In silico design of a novel chimeric shigella IpaB fused to C terminal of clostridium perfringens enterotoxin as a vaccine candidate

This study aimed to design a novel chimeric protein in silico to serve as a serotype-independent vaccine candidate against Shigella. The chimera contains amino acid residues 240–460 of Shigella invasion plasmid antigen B (IpaB) and the C-terminus of Clostridium perfringens enterotoxin (C-CPE).
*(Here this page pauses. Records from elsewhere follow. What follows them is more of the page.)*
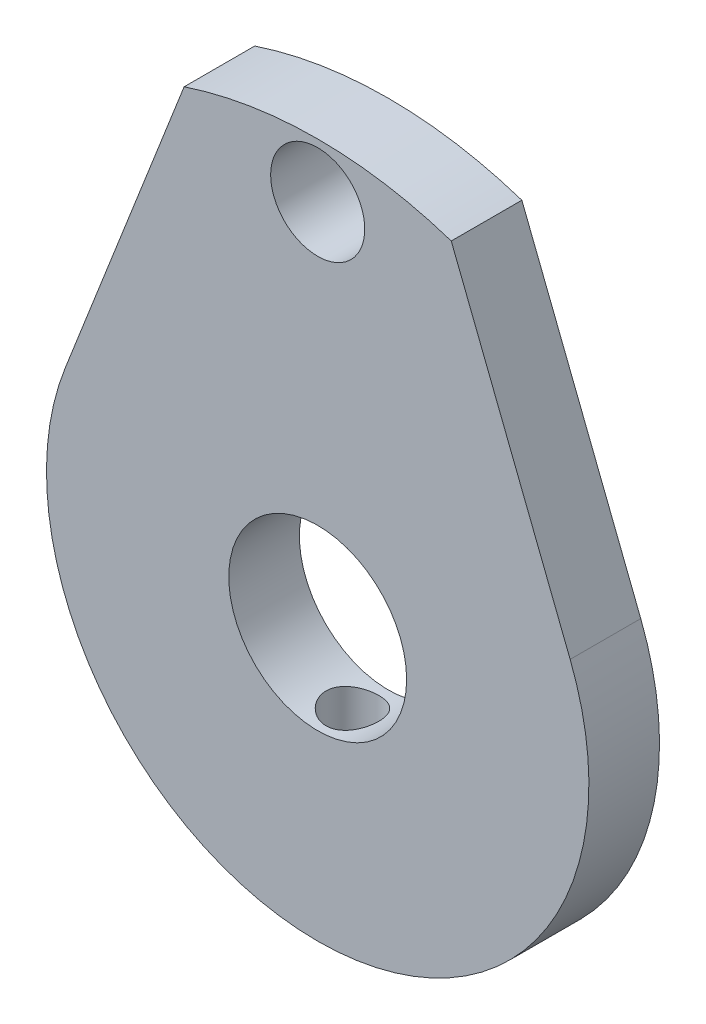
from build123d import *

# Parameters (mm, degrees)
SKETCH1_R                  = 14.2875
EXTRUDE1_DEPTH             = 2.38125
SKETCH2_R                  = 1.5875
CUT_EXTRUDE1_DEPTH         = 21.345408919
SKETCH4_OUTSIDE_W          = 38.672
SKETCH4_OUTSIDE_H          = 38.672
CUT_EXTRUDE3_DEPTH         = 21.345408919
SKETCH8_R                  = 2.999994
CUT_EXTRUDE5_DEPTH         = 18.131362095
SKETCH9_R                  = 0.889
CUT_EXTRUDE7_DEPTH         = 0.254
F_2_56_TAPPED_HOLE1_REACH  = 26.95
F_2_56_TAPPED_HOLE1_BORE_R = 0.889


with BuildPart() as part:
    # Sketch1 → Extrude1 (new body)
    with BuildSketch(Plane.XY):
        with Locations(Location((0, 0, 0), (0, 0, 180))):
            Circle(SKETCH1_R)
    extrude(amount=EXTRUDE1_DEPTH)

    # Sketch2 → Cut-Extrude1 (cut, through all)
    with BuildSketch(Plane(origin=(0, 0, 0), x_dir=(-1, 0, 0), z_dir=(0, 0, -1))):
        with Locations((0, 12.446)):
            Circle(SKETCH2_R)
    extrude(amount=-CUT_EXTRUDE1_DEPTH, mode=Mode.SUBTRACT)

    # Sketch4 outside → Cut-Extrude3 (cut, through all)
    with BuildSketch(Plane.XY.offset(2.38125)):
        Rectangle(SKETCH4_OUTSIDE_W, SKETCH4_OUTSIDE_H)
        with BuildLine():
            Line((-4.5047477, 13.55875748), (-8.515121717, 3.342642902))
            ThreePointArc((-8.515121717, 3.342642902), (0, -9.147707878), (8.515121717, 3.342642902))
            Line((8.515121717, 3.342642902), (4.5047477, 13.55875748))
            ThreePointArc((4.5047477, 13.55875748), (0, 14.2875), (-4.5047477, 13.55875748))
        make_face(mode=Mode.SUBTRACT)
    extrude(amount=-CUT_EXTRUDE3_DEPTH, mode=Mode.SUBTRACT)

    # Sketch8 → Cut-Extrude5 (cut, through all)
    with BuildSketch(Plane.XY.offset(2.38125)):
        Circle(SKETCH8_R)
    extrude(amount=-CUT_EXTRUDE5_DEPTH, mode=Mode.SUBTRACT)

    # Sketch9 → Cut-Extrude7 (cut)
    with BuildSketch(Plane(origin=(0, -9.147707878, 0), x_dir=(-1, 0, 0), z_dir=(0, 1, 0))):
        with Locations(Location((0, 1.207766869, 0), (0, 0, 270))):
            Circle(SKETCH9_R)
    extrude(amount=CUT_EXTRUDE7_DEPTH, mode=Mode.SUBTRACT)

    # 2-56 Tapped Hole1 bore (on position points) → 2-56 Tapped Hole1 (cut, up to next)
    with BuildSketch(Plane(origin=(0, -8.893707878, 1.207766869), x_dir=(0, 0, -1), z_dir=(0, -1, 0)), mode=Mode.PRIVATE) as f_2_56_tapped_hole1_sk1:
        Circle(F_2_56_TAPPED_HOLE1_BORE_R)
    f_2_56_tapped_hole1_tool1 = extrude(f_2_56_tapped_hole1_sk1.sketch, amount=-F_2_56_TAPPED_HOLE1_REACH, mode=Mode.PRIVATE) & part.part
    add(f_2_56_tapped_hole1_tool1.solids().sort_by_distance((0, -8.893708, 1.207767))[0], mode=Mode.SUBTRACT)


solid = part.part

Amino acid sequences of 537 peptide linkers were obtained from two protein linker databases. 3D structures of IpaB-CPE(290–319), IpaB-CPE(184–319), IpaB-CPE(194–319) and 537 newly designed IpaB-linker-CPE(290–319) constructs with varying linker regions were predicted. These predicted 3D structures were merged with the 3D structures of native IpaB(240–460), CPE(194–319), CPE(184–319) and CPE(290–319) to select the structure most similar to native IpaB and C-CPE. Several in silico tools were used to determine the suitability of the selected IpaB-C-CPE structure as a vaccine candidate. None of the 537 linkers was capable of preserving the native structure of CPE(290–319) within the IpaB-linker-CPE(290–319) structure. In silico analysis determined that the IpaB-CPE(194–319) 3D structure was the most similar to the 3D structure of the respective native CPE domain and that it was a stable chimeric protein exposing multiple B-cell epitopes. IpaB-CPE(194–319) was designed for its capability to bind to human intestinal epithelial and M cells and to accumulate on these cells. The predicted B-cell epitopes are likely to be capable of inducing a mucosal antibody response in the human intestine against Shigella IpaB. This study also showed that the higher binding affinities of CPE(184–319) and CPE(194–319) to claudin molecules than those of CPE(290–319) is the result of preserving the 3D structures of CPE(184–319) and CPE(194–319) when they are linked to the C-termini of other proteins.